Whichever lines include the word "ezdxf", copy them as they appear in the data.

Data entries:
-------

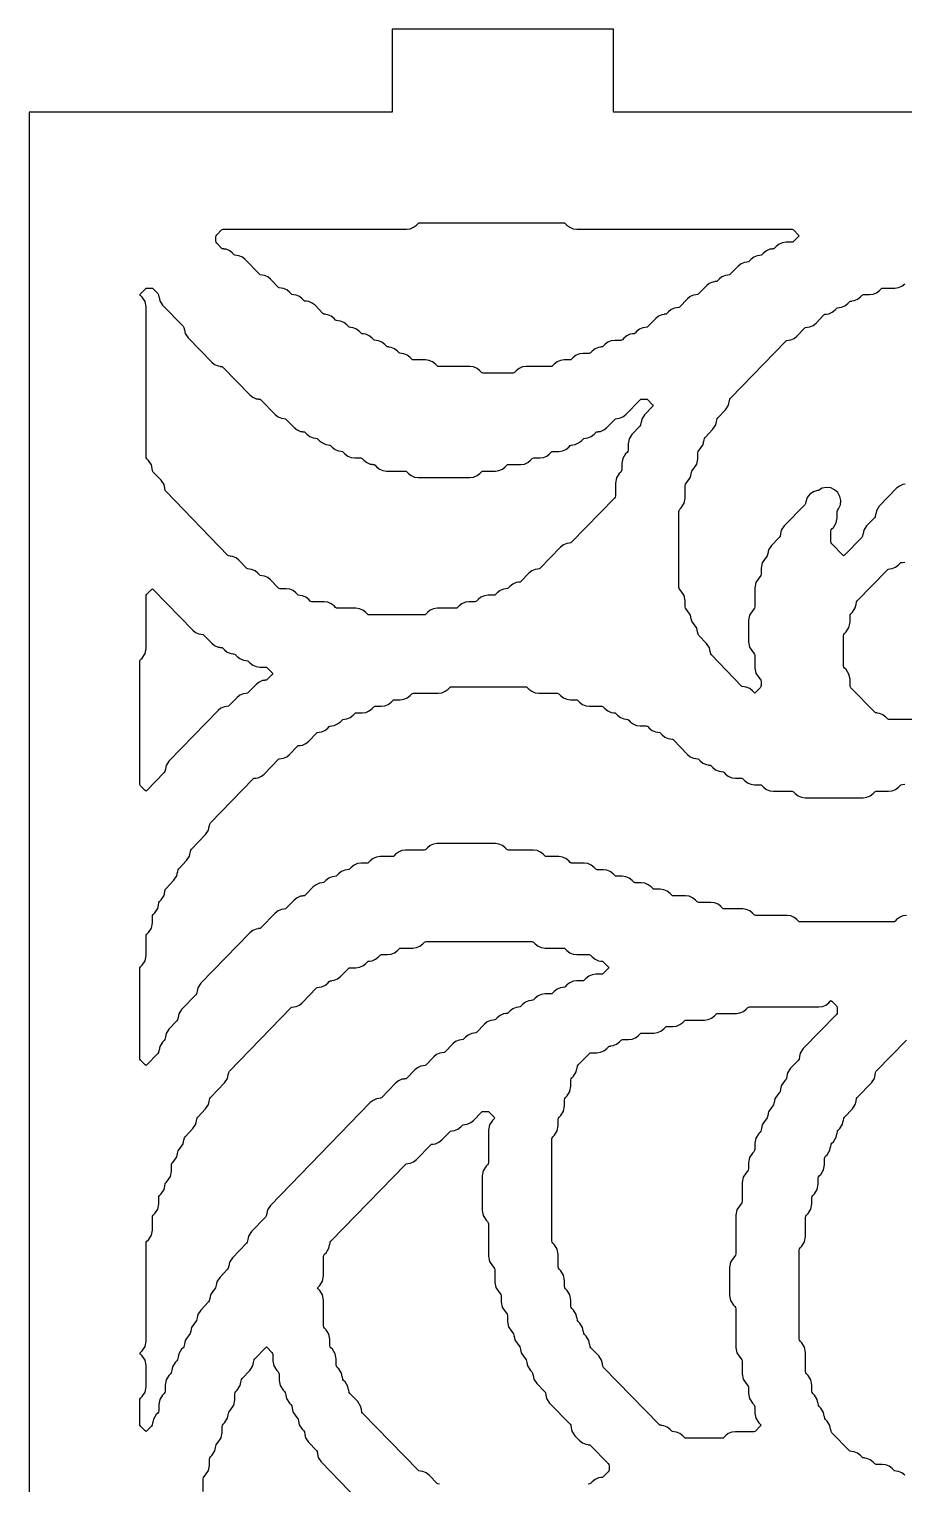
# Model space of a CAD drawing. Header units: millimetres. Extents: x 10 to 410, y 18 to 283.
# Drawn here: x 79 to 110.6, y 94.4 to 147 of the extents above; entities that cross this region are included whole.
import ezdxf

# ---------------------------------------------------------------- set-up
doc = ezdxf.new("R2010")
doc.units = ezdxf.units.MM
doc.layers.add('CUT', color=1, linetype='Continuous')

msp = doc.modelspace()

# ---------------------------------------------------------------- linework, layer by layer
at = {"layer": 'CUT'}
for points in [[(121.134, 21), (129.134, 21), (129.134, 24), (142.2679, 24), (142.2679, 144), (129.134, 144), (129.134, 147), (121.134, 147), (121.134, 144), (100.134, 144), (100.134, 147), (92.134, 147), (92.134, 144), (79, 144), (79, 24), (92.134, 24), (92.134, 21), (100.134, 21), (100.134, 24), (121.134, 24)], [(93.0922, 139.9958), (93.1238, 140), (98.3316, 140), (98.3632, 139.9958), (98.3882, 139.976), (98.447, 139.9155), (98.5515, 139.8332), (98.674, 139.7814), (98.8058, 139.7637), (106.5873, 139.7637), (106.6189, 139.7595), (106.644, 139.7397), (106.8232, 139.5551), (106.8428, 139.5274), (106.8232, 139.4997), (106.644, 139.3151), (106.6189, 139.2954), (106.5873, 139.2911), (106.3736, 139.2911), (106.2418, 139.2735), (106.1193, 139.2216), (106.0148, 139.1394), (105.956, 139.0788), (105.931, 139.0591), (105.8663, 139.0504), (105.8665, 139.0484), (105.7831, 139.0372), (105.6606, 138.9854), (105.5561, 138.9031), (105.4974, 138.8425), (105.4723, 138.8228), (105.4076, 138.8141), (105.4079, 138.8121), (105.3245, 138.8009), (105.202, 138.7491), (105.0975, 138.6668), (105.0387, 138.6062), (105.0137, 138.5865), (104.949, 138.5778), (104.9492, 138.5758), (104.8658, 138.5646), (104.7433, 138.5128), (104.6388, 138.4305), (104.3507, 138.1337), (104.3257, 138.1139), (104.261, 138.1053), (104.2612, 138.1032), (104.1778, 138.092), (104.0553, 138.0402), (103.9508, 137.9579), (103.8921, 137.8974), (103.867, 137.8777), (103.8023, 137.869), (103.8026, 137.8669), (103.7192, 137.8557), (103.5967, 137.8039), (103.4922, 137.7216), (103.2041, 137.4248), (103.179, 137.4051), (103.1143, 137.3964), (103.1146, 137.3944), (103.0312, 137.3832), (102.9087, 137.3313), (102.8042, 137.2491), (102.5161, 136.9522), (102.4911, 136.9325), (102.4263, 136.9238), (102.4266, 136.9218), (102.3432, 136.9106), (102.2207, 136.8588), (102.1162, 136.7765), (102.0574, 136.7159), (102.0324, 136.6962), (101.9677, 136.6875), (101.968, 136.6855), (101.8845, 136.6743), (101.7621, 136.6225), (101.6576, 136.5402), (101.3695, 136.2434), (101.3444, 136.2237), (101.2797, 136.215), (101.28, 136.2129), (101.1966, 136.2017), (101.0741, 136.1499), (100.9696, 136.0676), (100.9108, 136.0071), (100.8858, 135.9874), (100.8211, 135.9787), (100.8213, 135.9766), (100.7379, 135.9654), (100.6154, 135.9136), (100.5109, 135.8314), (100.4522, 135.7708), (100.4271, 135.7511), (100.3955, 135.7468), (100.1817, 135.7468), (100.0499, 135.7291), (99.9274, 135.6773), (99.8229, 135.5951), (99.7642, 135.5345), (99.7391, 135.5148), (99.6744, 135.5061), (99.6747, 135.5041), (99.5913, 135.4929), (99.4688, 135.441), (99.3643, 135.3588), (99.3055, 135.2982), (99.2805, 135.2785), (99.2489, 135.2743), (99.0351, 135.2743), (98.9033, 135.2566), (98.7808, 135.2048), (98.6763, 135.1225), (98.6175, 135.0619), (98.5925, 135.0422), (98.5609, 135.038), (98.3471, 135.038), (98.2153, 135.0203), (98.0928, 134.9685), (97.9883, 134.8862), (97.9296, 134.8257), (97.9045, 134.8059), (97.8729, 134.8017), (96.9712, 134.8017), (96.8393, 134.784), (96.7169, 134.7322), (96.6124, 134.6499), (96.5536, 134.5894), (96.5285, 134.5696), (96.4969, 134.5654), (95.4171, 134.5654), (95.3855, 134.5696), (95.3604, 134.5894), (95.3017, 134.6499), (95.1972, 134.7322), (95.0747, 134.784), (94.9429, 134.8017), (93.8118, 134.8017), (93.7802, 134.8059), (93.7551, 134.8257), (93.6964, 134.8862), (93.5919, 134.9685), (93.4694, 135.0203), (93.3376, 135.038), (92.8945, 135.038), (92.8629, 135.0422), (92.8378, 135.0619), (92.7791, 135.1225), (92.6746, 135.2048), (92.5521, 135.2566), (92.4687, 135.2678), (92.4689, 135.2698), (92.4042, 135.2785), (92.3792, 135.2982), (92.3204, 135.3588), (92.2159, 135.441), (92.0934, 135.4929), (92.01, 135.5041), (92.0103, 135.5061), (91.9456, 135.5148), (91.9205, 135.5345), (91.8617, 135.5951), (91.7573, 135.6773), (91.6348, 135.7291), (91.5513, 135.7403), (91.5516, 135.7424), (91.4869, 135.7511), (91.4619, 135.7708), (91.4031, 135.8314), (91.2986, 135.9136), (91.1761, 135.9654), (91.0927, 135.9766), (91.093, 135.9787), (91.0283, 135.9874), (91.0032, 136.0071), (90.9444, 136.0676), (90.8399, 136.1499), (90.7175, 136.2017), (90.634, 136.2129), (90.6343, 136.215), (90.5696, 136.2237), (90.5446, 136.2434), (90.4858, 136.3039), (90.3813, 136.3862), (90.2588, 136.438), (90.1754, 136.4492), (90.1757, 136.4513), (90.1109, 136.4599), (90.0859, 136.4797), (90.0271, 136.5402), (89.9226, 136.6225), (89.8001, 136.6743), (89.7167, 136.6855), (89.717, 136.6875), (89.6523, 136.6962), (89.6272, 136.7159), (89.3391, 137.0128), (89.2346, 137.0951), (89.1122, 137.1469), (89.0287, 137.1581), (89.029, 137.1601), (88.9643, 137.1688), (88.9393, 137.1885), (88.8805, 137.2491), (88.776, 137.3313), (88.6535, 137.3832), (88.5701, 137.3944), (88.5704, 137.3964), (88.5057, 137.4051), (88.4806, 137.4248), (88.4218, 137.4854), (88.3173, 137.5676), (88.1949, 137.6194), (88.1114, 137.6306), (88.1117, 137.6327), (88.047, 137.6414), (88.0219, 137.6611), (87.7339, 137.9579), (87.6294, 138.0402), (87.5069, 138.092), (87.4234, 138.1032), (87.4237, 138.1053), (87.359, 138.1139), (87.334, 138.1337), (86.8165, 138.6668), (86.712, 138.7491), (86.5896, 138.8009), (86.5061, 138.8121), (86.5064, 138.8141), (86.4417, 138.8228), (86.4167, 138.8425), (86.3579, 138.9031), (86.2534, 138.9854), (86.1309, 139.0372), (86.0475, 139.0484), (86.0478, 139.0504), (85.9831, 139.0591), (85.958, 139.0788), (85.7856, 139.2565), (85.7607, 139.2947), (85.7519, 139.3394), (85.7519, 139.4791), (85.7607, 139.5239), (85.7856, 139.5621), (85.958, 139.7397), (85.9831, 139.7595), (86.0147, 139.7637), (92.6496, 139.7637), (92.7814, 139.7814), (92.9039, 139.8332), (93.0084, 139.9155), (93.0672, 139.976)], [(83.7, 137.3057), (83.7246, 137.1794), (83.8292, 137.0191), (84.5717, 136.2541), (84.5966, 136.2159), (84.6145, 136.1237), (84.6173, 136.1242), (84.6419, 135.998), (84.7465, 135.8376), (85.6046, 134.9535), (85.7091, 134.8712), (85.8316, 134.8194), (85.915, 134.8082), (85.9148, 134.8061), (85.9795, 134.7974), (86.0045, 134.7777), (86.9806, 133.772), (87.0851, 133.6898), (87.2076, 133.6379), (87.291, 133.6267), (87.2907, 133.6247), (87.3554, 133.616), (87.3805, 133.5963), (87.8979, 133.0632), (88.0024, 132.9809), (88.1249, 132.9291), (88.2083, 132.9179), (88.208, 132.9158), (88.2727, 132.9072), (88.2978, 132.8874), (88.5859, 132.5906), (88.6904, 132.5083), (88.8129, 132.4565), (88.8963, 132.4453), (88.896, 132.4433), (88.9607, 132.4346), (88.9858, 132.4149), (89.0445, 132.3543), (89.149, 132.272), (89.2715, 132.2202), (89.355, 132.209), (89.3547, 132.207), (89.4194, 132.1983), (89.4444, 132.1786), (89.5032, 132.118), (89.6077, 132.0357), (89.7302, 131.9839), (89.8136, 131.9727), (89.8133, 131.9707), (89.878, 131.962), (89.9031, 131.9423), (89.9619, 131.8817), (90.0664, 131.7995), (90.1888, 131.7476), (90.2723, 131.7365), (90.272, 131.7344), (90.3367, 131.7257), (90.3617, 131.706), (90.4205, 131.6454), (90.525, 131.5632), (90.6475, 131.5114), (90.7793, 131.4937), (90.9931, 131.4937), (91.0247, 131.4894), (91.0497, 131.4697), (91.1085, 131.4092), (91.213, 131.3269), (91.3355, 131.2751), (91.4189, 131.2639), (91.4186, 131.2618), (91.4833, 131.2531), (91.5084, 131.2334), (91.5671, 131.1729), (91.6716, 131.0906), (91.7941, 131.0388), (91.9259, 131.0211), (92.5984, 131.0211), (92.63, 131.0169), (92.655, 130.9971), (92.7138, 130.9366), (92.8183, 130.8543), (92.9408, 130.8025), (93.0726, 130.7848), (94.9429, 130.7848), (95.0747, 130.8025), (95.1972, 130.8543), (95.3017, 130.9366), (95.3604, 130.9971), (95.3855, 131.0169), (95.4171, 131.0211), (95.8602, 131.0211), (95.992, 131.0388), (96.1145, 131.0906), (96.219, 131.1729), (96.2777, 131.2334), (96.3028, 131.2531), (96.3344, 131.2574), (96.7775, 131.2574), (96.9093, 131.2751), (97.0318, 131.3269), (97.1363, 131.4092), (97.1951, 131.4697), (97.2201, 131.4894), (97.2517, 131.4937), (97.4655, 131.4937), (97.5973, 131.5114), (97.7198, 131.5632), (97.8243, 131.6454), (97.883, 131.706), (97.9081, 131.7257), (97.9397, 131.73), (98.1535, 131.73), (98.2853, 131.7476), (98.4078, 131.7995), (98.5122, 131.8817), (98.571, 131.9423), (98.5961, 131.962), (98.6608, 131.9707), (98.6605, 131.9727), (98.7439, 131.9839), (98.8664, 132.0357), (98.9709, 132.118), (99.0297, 132.1786), (99.0547, 132.1983), (99.1194, 132.207), (99.1192, 132.209), (99.2026, 132.2202), (99.3251, 132.272), (99.4296, 132.3543), (99.4883, 132.4149), (99.5134, 132.4346), (99.5781, 132.4433), (99.5778, 132.4453), (99.6612, 132.4565), (99.7837, 132.5083), (99.8882, 132.5906), (100.1763, 132.8874), (100.2014, 132.9072), (100.2661, 132.9158), (100.2658, 132.9179), (100.3492, 132.9291), (100.4717, 132.9809), (100.5762, 133.0632), (101.0936, 133.5963), (101.1187, 133.616), (101.1503, 133.6203), (101.3128, 133.6203), (101.3444, 133.616), (101.3695, 133.5963), (101.5487, 133.4117), (101.5683, 133.384), (101.5487, 133.3563), (101.2581, 133.0569), (101.1535, 132.8965), (101.1289, 132.7703), (101.1261, 132.7708), (101.1081, 132.6786), (101.0832, 132.6404), (100.7994, 132.348), (100.6949, 132.1877), (100.6582, 131.9998), (100.6582, 131.7783), (100.6495, 131.7335), (100.6246, 131.6953), (100.5701, 131.6392), (100.4655, 131.4788), (100.4289, 131.2909), (100.4289, 131.0694), (100.4202, 131.0246), (100.3953, 130.9864), (100.3408, 130.9303), (100.2362, 130.77), (100.1996, 130.5821), (100.1996, 130.1243), (100.1908, 130.0795), (100.1659, 130.0413), (98.6175, 128.4459), (98.5925, 128.4262), (98.5278, 128.4175), (98.5281, 128.4154), (98.4446, 128.4043), (98.3221, 128.3524), (98.2176, 128.2702), (97.4709, 127.5008), (97.4458, 127.481), (97.3811, 127.4724), (97.3814, 127.4703), (97.298, 127.4591), (97.1755, 127.4073), (97.071, 127.325), (96.7829, 127.0282), (96.7579, 127.0085), (96.6932, 126.9998), (96.6934, 126.9977), (96.61, 126.9865), (96.4875, 126.9347), (96.383, 126.8524), (96.3243, 126.7919), (96.2992, 126.7722), (96.2345, 126.7635), (96.2348, 126.7614), (96.1514, 126.7502), (96.0289, 126.6984), (95.9244, 126.6162), (95.8656, 126.5556), (95.8406, 126.5359), (95.8089, 126.5316), (95.5952, 126.5316), (95.4634, 126.514), (95.3409, 126.4621), (95.2364, 126.3799), (95.1776, 126.3193), (95.1526, 126.2996), (95.121, 126.2954), (94.9072, 126.2954), (94.7754, 126.2777), (94.6529, 126.2259), (94.5484, 126.1436), (94.4896, 126.083), (94.4646, 126.0633), (94.433, 126.0591), (93.7606, 126.0591), (93.6288, 126.0414), (93.5063, 125.9896), (93.4018, 125.9073), (93.343, 125.8468), (93.3179, 125.827), (93.2863, 125.8228), (91.2892, 125.8228), (91.2576, 125.827), (91.2325, 125.8468), (91.1738, 125.9073), (91.0693, 125.9896), (90.9468, 126.0414), (90.815, 126.0591), (90.1426, 126.0591), (90.1109, 126.0633), (90.0859, 126.083), (90.0271, 126.1436), (89.9226, 126.2259), (89.8001, 126.2777), (89.6683, 126.2954), (89.2252, 126.2954), (89.1936, 126.2996), (89.1686, 126.3193), (89.1098, 126.3799), (89.0053, 126.4621), (88.8828, 126.514), (88.7994, 126.5252), (88.7997, 126.5272), (88.735, 126.5359), (88.7099, 126.5556), (88.6512, 126.6162), (88.5467, 126.6984), (88.4242, 126.7502), (88.2924, 126.7679), (88.0786, 126.7679), (88.047, 126.7722), (88.0219, 126.7919), (87.7339, 127.0887), (87.6294, 127.171), (87.5069, 127.2228), (87.4234, 127.234), (87.4237, 127.2361), (87.359, 127.2447), (87.334, 127.2645), (87.2752, 127.325), (87.1707, 127.4073), (87.0482, 127.4591), (86.9648, 127.4703), (86.9651, 127.4724), (86.9004, 127.481), (86.8753, 127.5008), (86.5872, 127.7976), (86.4827, 127.8799), (86.3602, 127.9317), (86.2768, 127.9429), (86.2771, 127.9449), (86.2124, 127.9536), (86.1873, 127.9733), (83.951, 130.2776), (83.926, 130.3158), (83.9081, 130.4079), (83.9053, 130.4074), (83.8807, 130.5337), (83.7761, 130.694), (83.4923, 130.9864), (83.4674, 131.0246), (83.4494, 131.1168), (83.4466, 131.1163), (83.422, 131.2425), (83.3175, 131.4029), (83.263, 131.459), (83.2381, 131.4972), (83.2293, 131.542), (83.2293, 136.9618), (83.1927, 137.1497), (83.0881, 137.31), (83.0269, 137.3731), (83.0073, 137.4008), (83.0269, 137.4285), (83.2061, 137.6132), (83.2311, 137.6329), (83.2627, 137.6371), (83.4253, 137.6371), (83.4569, 137.6329), (83.4819, 137.6132), (83.6543, 137.4355), (83.6793, 137.3973), (83.6972, 137.3051)], [(83.4866, 126.7392), (84.9166, 125.2657), (85.0211, 125.1834), (85.1436, 125.1316), (85.2271, 125.1204), (85.2268, 125.1184), (85.2915, 125.1097), (85.3165, 125.09), (85.6046, 124.7931), (85.7091, 124.7108), (85.8316, 124.659), (85.915, 124.6478), (85.9148, 124.6458), (85.9795, 124.6371), (86.0045, 124.6174), (86.0633, 124.5568), (86.1678, 124.4746), (86.2903, 124.4228), (86.3737, 124.4116), (86.3734, 124.4095), (86.4381, 124.4008), (86.4632, 124.3811), (86.5219, 124.3205), (86.6264, 124.2383), (86.7489, 124.1865), (86.8323, 124.1753), (86.8321, 124.1732), (86.8968, 124.1645), (86.9218, 124.1448), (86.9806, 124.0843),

-------

### Answer to this problem
import ezdxf
doc = ezdxf.new("R2010")
doc.units = ezdxf.units.MM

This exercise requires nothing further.